High blood pressure may increase risk of strokes, finds study
The study looked at the average systolic blood pressure years before the first stroke in over 40,000 adults aged 18 and older who had no history of stroke.
MICHIGAN: A Michigan Medicine study found that high systolic blood pressure (the top number on the blood pressure reading and how hard the heart pumps blood to the arteries) increases the risk of the two most common types of strokes over time.
The study looked at the average systolic blood pressure years before the first stroke in over 40,000 adults aged 18 and older who had no history of stroke.
Researchers covered three types of stroke: ischemic, a clot that cuts blood supply to the brain and the cause of over 85 per cent of all strokes; intracerebral hemorrhage, a bleed within the brain; and subarachnoid hemorrhage, bleeding between the brain and the tissues that cover it.
They found that having a mean systolic blood pressure that is 10-mm Hg higher than average was associated with a 20 per cent higher risk of overall stroke and ischemic stroke, as well as a 31% greater risk of intracerebral hemorrhage.
"Our results suggest that early diagnosis and sustained control of high blood pressure over the lifespan are critical to preventing stroke, ischemic stroke and intracerebral hemorrhage, especially in Black and Hispanic patients who are more likely to have uncontrolled hypertension than white patients," said senior author Deborah A. Levine, M.D., M.P.H., professor of internal medicine and neurology at University of Michigan Medical School.

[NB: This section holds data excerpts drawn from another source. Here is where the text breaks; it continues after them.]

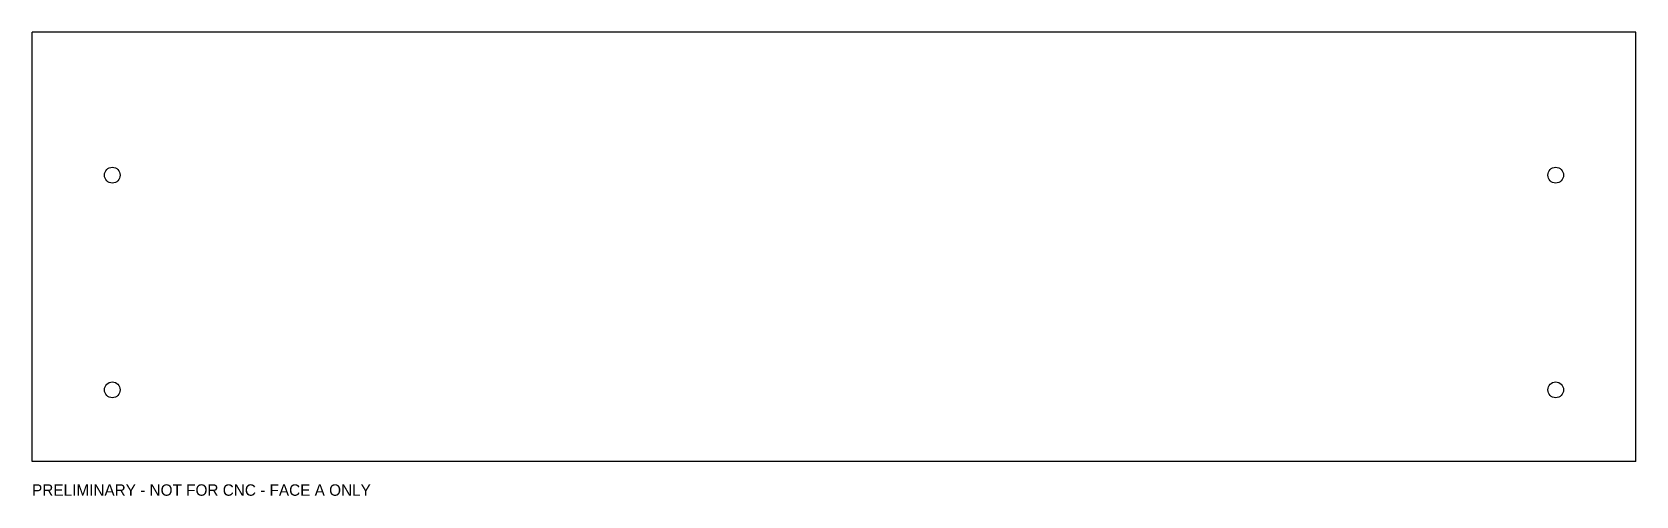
# Model space of a CAD drawing. Header units: millimetres. Extents: x 0 to 560, y -12 to 150.
import ezdxf

# ---------------------------------------------------------------- set-up
doc = ezdxf.new("R2010")
doc.units = ezdxf.units.MM
doc.layers.add('CUT', color=7, linetype='CONTINUOUS')
doc.layers.add('REFERENCE', color=7, linetype='CONTINUOUS')

msp = doc.modelspace()

# ---------------------------------------------------------------- linework, layer by layer
at = {"layer": 'CUT'}
for p, q in [((560, 150), (0, 150)), ((0, 0), (0, 150)), ((560, 0), (560, 150)), ((560, 0), (0, 0))]:
    msp.add_line(p, q, dxfattribs=at)
for centre in [(28, 100), (532, 100), (28, 25), (532, 25)]:
    msp.add_circle(centre, 2.75, dxfattribs=at)
at = {"layer": 'REFERENCE'}
for p, q in [((560, 150), (0, 150)), ((0, 0), (0, 150)), ((560, 0), (560, 150)), ((560, 0), (0, 0))]:
    msp.add_line(p, q, dxfattribs=at)

# ---------------------------------------------------------------- texts
msp.add_text('PRELIMINARY - NOT FOR CNC - FACE A ONLY', height=4, dxfattribs=at).set_placement((0, -12))

doc.saveas('drawing.dxf')

Black patients had a 20 per cent higher risk of ischemic stroke and a 67 per cent higher risk of intracerebral hemorrhage than white patients.
Hispanic patients had a 281% higher risk of subarachnoid hemorrhage, but not any other stroke type, compared to white patients.
While Black and Hispanic patients had a higher risk of stroke, researchers found little evidence to suggest that race and ethnicity affected the association between cumulative systolic blood pressure and the type of stroke that affected any patient.
"Examining racial inequities advances our understanding of the social, economic and political structures that affect health behaviors and risk for stroke among racial and ethnic minority groups," said Kimson E. Johnson, Ph.D., M.A., M.S.W., first author and postdoctoral research fellow at the University of Michigan.
While systolic blood pressure is a modifiable target for preventing stroke and other cardiovascular diseases, a national study conducted in 2020 found that blood pressure control in the United States worsened from 2013 to 2018, especially for Black and Hispanic adults.
Self-monitoring of blood pressure improves blood pressure diagnosis and control and is accurate and cost-effective, but it remains an underused tool, Levine says.
"Two major barriers to self-monitoring of blood pressure are lack of patient education and insurance not covering the home blood pressure monitors, which cost $50 or more," she said.
"Health care systems and providers must educate and urge their patients to do home blood pressure monitoring, and insurers must pay for home blood pressure monitors to optimize people's blood pressure and reduce their chances of having a stroke."